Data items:
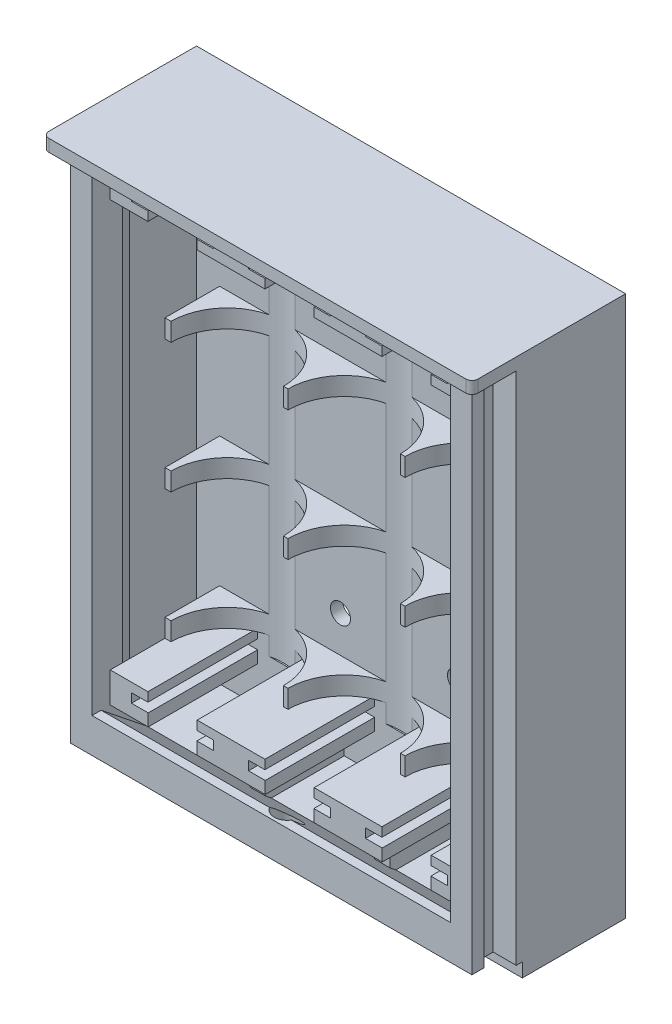
SolidWorks part; units mm, degrees
ref_plane "Ön Düzlem" through (0, 0, 0) normal (0, 0, 1) x (1, 0, 0)
ref_plane "Üst Düzlem" through (0, 0, 0) normal (0, 1, 0) x (1, 0, 0)
ref_plane "Sağ Düzlem" through (0, 0, 0) normal (1, 0, 0) x (0, 0, -1)
sketch "Çizim1" plane through (0, 0, 0) normal (0, 0, 1) x (1, 0, 0)
  line L1 (0, 0) -> (63, 0)
  line L2 (0, 0) -> (0, 85)
  line L3 (0, 85) -> (63, 85)
  line L4 (63, 0) -> (63, 85)
  dimension "D1" = 63
  dimension "D2" = 85
extrude "Yükseklik-Ekstrüzyon1" add sketch "Çizim1" along normal blind 2
sketch "Çizim2" plane through (0, 0, 2) normal (0, 0, 1) x (1, 0, 0)
  line L0 (2, 83) -> (2, 2)
  line L1 (2, 2) -> (61, 2)
  line L2 (61, 2) -> (61, 83)
  line L3 (61, 83) -> (2, 83)
  line L4 (0, 85) -> (0, 0)
  line L5 (0, 0) -> (63, 0)
  line L6 (63, 0) -> (63, 85)
  line L7 (63, 85) -> (0, 85)
  line L8 (0, 85) -> (0, 0)
  line L9 (0, 0) -> (63, 0)
  line L10 (63, 0) -> (63, 85)
  line L11 (63, 85) -> (0, 85)
  dimension "D1" = 0
  dimension "D2" = 2
extrude "Yükseklik-Ekstrüzyon2" add sketch "Çizim2" along normal blind 21
sketch "Çizim3" plane through (0, 0, 2) normal (0, 0, 1) x (1, 0, 0)
  line L0 (2, 83) -> (2, 2) construction
  line L1 (2, 81) -> (61, 81)
  line L2 (2, 81) -> (2, 79)
  line L3 (2, 79) -> (61, 79)
  line L4 (61, 81) -> (61, 79)
  line L5 (61, 2) -> (61, 83) construction
  line L6 (2, 42.5) -> (61, 42.5) construction
  line L7 (2, 83) -> (2, 2) construction
  line L8 (61, 2) -> (61, 83) construction
  line L9 (61, 83) -> (2, 83) construction
  line L10 (61, 4) -> (61, 6)
  line L11 (2, 6) -> (61, 6)
  line L12 (2, 4) -> (2, 6)
  line L13 (2, 4) -> (61, 4)
  dimension "D1" = 2
  dimension "D2" = 2
extrude "Yükseklik-Ekstrüzyon3" add sketch "Çizim3" along normal blind 18
sketch "Çizim4" plane through (0, 0, 2) normal (0, 0, 1) x (1, 0, 0)
  line L0 (61, 83) -> (2, 83) construction
  line L1 (20, 83) -> (22.5, 83)
  line L2 (20, 83) -> (20, 81)
  line L3 (20, 81) -> (22.5, 81)
  line L4 (22.5, 83) -> (22.5, 81)
  line L5 (61, 81) -> (2, 81) construction
  line L6 (61, 81) -> (61, 83) construction
  line L7 (40.5, 83) -> (43, 83)
  line L8 (40.5, 83) -> (40.5, 81)
  line L9 (40.5, 81) -> (43, 81)
  line L10 (43, 83) -> (43, 81)
  line L12 (2, 42.5) -> (61, 42.5) construction
  line L13 (2, 79) -> (2, 6) construction
  line L14 (61, 6) -> (61, 79) construction
  line L15 (43, 2) -> (43, 4)
  line L16 (40.5, 4) -> (43, 4)
  line L17 (40.5, 2) -> (40.5, 4)
  line L18 (40.5, 2) -> (43, 2)
  line L19 (22.5, 2) -> (22.5, 4)
  line L20 (20, 4) -> (22.5, 4)
  line L21 (20, 2) -> (20, 4)
  line L22 (20, 2) -> (22.5, 2)
  point P14 (61, 82)
  dimension "D1" = 2.5
  dimension "D2" = 2.5
  dimension "D3" = 18
  dimension "D4" = 18
extrude "Yükseklik-Ekstrüzyon4" add sketch "Çizim4" along normal up to vertex
ref_plane "Düzlem2" through (0, 79, 0) normal (0, -1, 0) x (-1, 0, 0)
sketch "Çizim5" plane through (0, 79, 0) normal (0, -1, 0) x (-1, 0, 0)
  line L0 (-12.25, -11) -> (-50.75, -11) construction
  line L1 (-31.5, -20) -> (-31.5, -11) construction
  line L2 (-2, -20) -> (-61, -20) construction
  line L4 (-2, -11) -> (-3, -11)
  line L5 (-2, -2) -> (-10.114, -2)
  line L6 (-2, -2) -> (-2, -11)
  line L7 (-40.75, -11) -> (-41.5, -11)
  line L8 (-61, -2) -> (-61, -11)
  line L9 (-21.5, -11) -> (-22.25, -11)
  line L10 (-60, -11) -> (-61, -11)
  line L11 (-61, -20) -> (-61, -2) construction
  line L12 (-33.636, -2) -> (-48.614, -2)
  line L13 (-14.386, -2) -> (-29.364, -2)
  line L14 (-52.886, -2) -> (-61, -2)
  arc A0 (-3, -11) -> (-10.114, -2) centre (-12.25, -11) ccw
  arc A1 (-22.25, -11) -> (-29.364, -2) centre (-31.5, -11) ccw
  arc A2 (-41.5, -11) -> (-48.614, -2) centre (-50.75, -11) ccw
  arc A3 (-14.386, -2) -> (-21.5, -11) centre (-12.25, -11) ccw
  arc A4 (-33.636, -2) -> (-40.75, -11) centre (-31.5, -11) ccw
  arc A5 (-52.886, -2) -> (-60, -11) centre (-50.75, -11) ccw
  point P7 (-31.5, -11)
  dimension "D2" = 18.5
  dimension "D1" = 9
  dimension "D3" = 38.5
extrude "Yükseklik-Ekstrüzyon5" add sketch "Çizim5" along normal up to vertex (73 mm away)
sketch "Çizim6" plane through (0, 79, 0) normal (0, -1, 0) x (1, 0, 0)
  circle A0 centre (12.25, 11) radius 9.25
  circle A1 centre (31.5, 11) radius 9.25
  circle A2 centre (50.75, 11) radius 9.25
  arc A3 (41.5, 11) -> (48.614, 2) centre (50.75, 11) ccw construction
  arc A4 (3, 11) -> (10.114, 2) centre (12.25, 11) ccw construction
  arc A5 (22.25, 11) -> (29.364, 2) centre (31.5, 11) ccw construction
extrude "Kes-Ekstrüzyon1" cut sketch "Çizim6" along normal up to vertex (73 mm away)
sketch "Çizim7" plane through (0, 0, 20) normal (0, 0, 1) x (1, 0, 0)
  line L0 (60, 6) -> (60, 79) construction
  line L1 (3, 79) -> (60, 79)
  line L2 (3, 79) -> (3, 76)
  line L3 (3, 76) -> (60, 76)
  line L4 (60, 79) -> (60, 76)
  line L5 (3, 6) -> (3, 79) construction
  line L6 (3, 6) -> (60, 6)
  line L7 (3, 6) -> (3, 9)
  line L8 (3, 9) -> (60, 9)
  line L9 (60, 6) -> (60, 9)
  line L10 (3, 30.3367) -> (60, 30.3367)
  line L11 (3, 30.3367) -> (3, 12)
  line L12 (3, 12) -> (60, 12)
  line L13 (60, 30.3367) -> (60, 12)
  line L15 (3, 73) -> (60, 73)
  line L16 (3, 73) -> (3, 54.6667)
  line L17 (3, 54.6667) -> (60, 54.6667)
  line L18 (60, 73) -> (60, 54.6667)
  line L19 (3, 51.6667) -> (60, 51.6667)
  line L20 (3, 51.6667) -> (3, 33.3367)
  line L21 (3, 33.3367) -> (60, 33.3367)
  line L22 (60, 51.6667) -> (60, 33.3367)
  dimension "D1" = 3
  dimension "D2" = 3
  dimension "D3" = 3
  dimension "D4" = 3
  dimension "D5" = 3
  dimension "D6" = 3
  dimension "D7" = 18.3333
  dimension "D8" = 18.33
extrude "Kes-Ekstrüzyon2" cut sketch "Çizim7" against normal blind 18
sketch "Çizim8" plane through (0, 0, 2) normal (0, 0, 1) x (1, 0, 0)
  line L0 (21.875, 73) -> (21.875, 12) construction
  line L1 (29.364, 73) -> (14.386, 73) construction
  line L2 (14.386, 12) -> (29.364, 12) construction
  line L3 (41.125, 73) -> (41.125, 12) construction
  line L4 (48.614, 73) -> (33.636, 73) construction
  line L5 (41.5, 12) -> (40.75, 12) construction
  line L6 (21.875, 67) -> (41.125, 67) construction
  line L7 (22.25, 73) -> (29.364, 73) construction
  line L8 (21.875, 42.5) -> (41.125, 42.5) construction
  circle A0 centre (21.875, 67) radius 1.65
  circle A1 centre (41.125, 67) radius 1.65
  circle A2 centre (41.125, 18) radius 1.65
  circle A3 centre (21.875, 18) radius 1.65
  dimension "D2" = 3.3
  dimension "D1" = 6
extrude "Kes-Ekstrüzyon3" cut sketch "Çizim8" against normal blind 18
sketch "Çizim9" plane through (0, 0, 20) normal (0, 0, 1) x (1, 0, 0)
  line L0 (48.614, 79) -> (33.636, 79) construction
  line L1 (5.5, 77.5) -> (8.2, 77.5)
  line L2 (2, 79) -> (2, 76)
  line L3 (2, 76) -> (8.2, 76)
  line L4 (8.2, 77.5) -> (8.2, 76)
  line L5 (10.114, 76) -> (3, 76) construction
  line L6 (2, 6) -> (2, 79) construction
  line L7 (5.5, 79) -> (5.5, 77.5)
  line L8 (10.114, 79) -> (3, 79) construction
  line L9 (5.5, 79) -> (2, 79)
  line L10 (10.114, 79) -> (14.386, 79) construction
  line L11 (19, 79) -> (21.25, 79)
  line L12 (29.364, 79) -> (14.386, 79) construction
  line L13 (21.25, 79) -> (21.25, 76)
  line L14 (14.386, 76) -> (29.364, 76) construction
  line L15 (21.25, 76) -> (16.3, 76)
  line L16 (16.3, 76) -> (16.3, 77.5)
  line L17 (16.3, 77.5) -> (19, 77.5)
  line L18 (19, 77.5) -> (19, 79)
  line L19 (2, 79) -> (61, 79) construction
  line L20 (10.114, 79) -> (14.386, 79) construction
  line L21 (12.25, 79) -> (12.25, 83) construction
  line L22 (14.386, 79) -> (14.386, 76) construction
  line L23 (20, 83) -> (2, 83) construction
  line L24 (21.25, 83) -> (21.25, 79) construction
  line L25 (22.5, 83) -> (20, 83) construction
  line L26 (24.75, 79) -> (21.25, 79)
  line L27 (21.25, 79) -> (21.25, 76)
  line L28 (21.25, 76) -> (27.45, 76)
  line L29 (27.45, 77.5) -> (27.45, 76)
  line L30 (24.75, 77.5) -> (27.45, 77.5)
  line L31 (24.75, 79) -> (24.75, 77.5)
  line L32 (35.55, 77.5) -> (38.25, 77.5)
  line L33 (35.55, 76) -> (35.55, 77.5)
  line L34 (41.75, 76) -> (35.55, 76)
  line L35 (41.75, 79) -> (41.75, 76)
  line L36 (38.25, 79) -> (41.75, 79)
  line L37 (38.25, 77.5) -> (38.25, 79)
  line L38 (44, 79) -> (41.75, 79)
  line L39 (41.75, 79) -> (41.75, 76)
  line L40 (41.75, 76) -> (46.7, 76)
  line L41 (46.7, 77.5) -> (46.7, 76)
  line L42 (44, 77.5) -> (46.7, 77.5)
  line L43 (44, 79) -> (44, 77.5)
  line L44 (54.8, 77.5) -> (57.5, 77.5)
  line L45 (54.8, 76) -> (54.8, 77.5)
  line L46 (61, 76) -> (54.8, 76)
  line L47 (61, 79) -> (61, 76)
  line L48 (57.5, 79) -> (61, 79)
  line L49 (57.5, 77.5) -> (57.5, 79)
  line L50 (61, 6) -> (61, 79) construction
  line L51 (41.75, 83) -> (41.75, 79) construction
  line L52 (43, 83) -> (40.5, 83) construction
  line L53 (50.75, 79) -> (50.75, 76.4277) construction
  line L54 (48.614, 79) -> (52.886, 79) construction
  line L55 (31.5, 79) -> (31.5, 81.9834) construction
  line L56 (29.364, 79) -> (33.636, 79) construction
  line L57 (35.55, 76) -> (41.75, 76)
  line L58 (38.25, 79) -> (41.75, 79)
  line L59 (41.75, 79) -> (38.25, 79)
  line L60 (0, 42.5) -> (63, 42.5) construction
  line L61 (0, 85) -> (0, 0) construction
  line L62 (63, 0) -> (63, 85) construction
  line L63 (31.5, 6) -> (31.5, 3.0166) construction
  line L64 (10.114, 6) -> (14.386, 6) construction
  line L65 (41.75, 6) -> (38.25, 6)
  line L66 (38.25, 6) -> (41.75, 6)
  line L67 (35.55, 9) -> (41.75, 9)
  line L68 (57.5, 7.5) -> (57.5, 6)
  line L69 (57.5, 6) -> (61, 6)
  line L70 (61, 6) -> (61, 9)
  line L71 (61, 9) -> (54.8, 9)
  line L72 (54.8, 9) -> (54.8, 7.5)
  line L73 (54.8, 7.5) -> (57.5, 7.5)
  line L74 (44, 6) -> (44, 7.5)
  line L75 (44, 7.5) -> (46.7, 7.5)
  line L76 (46.7, 7.5) -> (46.7, 9)
  line L77 (41.75, 9) -> (46.7, 9)
  line L78 (41.75, 6) -> (41.75, 9)
  line L79 (44, 6) -> (41.75, 6)
  line L80 (38.25, 7.5) -> (38.25, 6)
  line L81 (38.25, 6) -> (41.75, 6)
  line L82 (41.75, 6) -> (41.75, 9)
  line L83 (41.75, 9) -> (35.55, 9)
  line L84 (35.55, 9) -> (35.55, 7.5)
  line L85 (35.55, 7.5) -> (38.25, 7.5)
  line L86 (24.75, 6) -> (24.75, 7.5)
  line L87 (24.75, 7.5) -> (27.45, 7.5)
  line L88 (27.45, 7.5) -> (27.45, 9)
  line L89 (21.25, 9) -> (27.45, 9)
  line L90 (21.25, 6) -> (21.25, 9)
  line L91 (24.75, 6) -> (21.25, 6)
  line L92 (19, 7.5) -> (19, 6)
  line L93 (16.3, 7.5) -> (19, 7.5)
  line L94 (16.3, 9) -> (16.3, 7.5)
  line L95 (21.25, 9) -> (16.3, 9)
  line L96 (21.25, 6) -> (21.25, 9)
  line L97 (19, 6) -> (21.25, 6)
  line L98 (5.5, 6) -> (2, 6)
  line L99 (5.5, 6) -> (5.5, 7.5)
  line L100 (8.2, 7.5) -> (8.2, 9)
  line L101 (2, 9) -> (8.2, 9)
  line L102 (2, 6) -> (2, 9)
  line L103 (5.5, 7.5) -> (8.2, 7.5)
  line L104 (16.3, 9) -> (21.25, 9)
  point P67 (57.5, 78.25)
  point P71 (27.45, 76.75)
  point P72 (35.55, 76.75)
  line M38 (2, 79) -> (61, 79)
  dimension "D1" = 8.1
  dimension "D2" = 13.5
  dimension "D3" = 1.5
  dimension "D4" = 8.1
  dimension "D5" = 8.1
  dimension "D6" = 13.5
  dimension "D7" = 13.5
extrude "Yükseklik-Ekstrüzyon7" add sketch "Çizim9" against normal blind 18 contours L99 L103 L100 L101 L102 L98 | L92 L97 L90 L95 L94 L93 | L91 L86 L87 L88 L89 L90 | L84 L85 L80 L65 L78 L67 | L79 L74 L75 L76 L77 L78 | L72 L73 L68 L69 L70 L71 | L7 L2 L3 L4 L1 M38 | L18 L17 L16 L15 L13 M38 | L31 L13 L28 L29 L30 M38 | L37 L32 L33 L34 L35 M38 | L43 L35 L40 L41 L42 M38 | L49 L44 L45 L46 L47 M38
sketch "Çizim10" plane through (0, 0, 20) normal (0, 0, 1) x (1, 0, 0)
  line L0 (20, 81) -> (2, 81) construction
  line L1 (8.25, 81) -> (16.25, 81)
  line L2 (8.25, 81) -> (8.25, 79)
  line L3 (8.25, 79) -> (16.25, 79)
  line L4 (16.25, 81) -> (16.25, 79)
  line L5 (19, 79) -> (14.386, 79) construction
  line L6 (10.114, 73) -> (14.386, 73) construction
  line L7 (12.25, 73) -> (12.25, 75.7871) construction
  line L8 (29.364, 73) -> (33.636, 73) construction
  line L9 (48.614, 73) -> (52.886, 73) construction
  line L10 (31.5, 73) -> (31.5, 74.6684) construction
  line L11 (50.75, 73) -> (50.75, 74.6684) construction
  line L12 (40.5, 81) -> (22.5, 81) construction
  line L13 (27.5, 81) -> (35.5, 81)
  line L14 (27.5, 81) -> (27.5, 79)
  line L15 (27.5, 79) -> (35.5, 79)
  line L16 (35.5, 81) -> (35.5, 79)
  line L17 (38.25, 79) -> (33.636, 79) construction
  line L18 (61, 81) -> (43, 81) construction
  line L19 (46.75, 81) -> (54.75, 81)
  line L20 (46.75, 81) -> (46.75, 79)
  line L21 (46.75, 79) -> (54.75, 79)
  line L22 (54.75, 81) -> (54.75, 79)
  line L23 (57.5, 79) -> (52.886, 79) construction
  line L24 (0, 42.5) -> (63, 42.5) construction
  line L25 (0, 85) -> (0, 0) construction
  line L26 (63, 0) -> (63, 85) construction
  line L27 (54.75, 4) -> (54.75, 6)
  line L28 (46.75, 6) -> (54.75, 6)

Work request:
Using only the entries above, output the line with "line L60 (0, 42.5)", the line with "line L72 (54.8, 9) -> (54.8, 7.5)", and all lines between them, exactly as they stand.

Worked solution:
  line L60 (0, 42.5) -> (63, 42.5) construction
  line L61 (0, 85) -> (0, 0) construction
  line L62 (63, 0) -> (63, 85) construction
  line L63 (31.5, 6) -> (31.5, 3.0166) construction
  line L64 (10.114, 6) -> (14.386, 6) construction
  line L65 (41.75, 6) -> (38.25, 6)
  line L66 (38.25, 6) -> (41.75, 6)
  line L67 (35.55, 9) -> (41.75, 9)
  line L68 (57.5, 7.5) -> (57.5, 6)
  line L69 (57.5, 6) -> (61, 6)
  line L70 (61, 6) -> (61, 9)
  line L71 (61, 9) -> (54.8, 9)
  line L72 (54.8, 9) -> (54.8, 7.5)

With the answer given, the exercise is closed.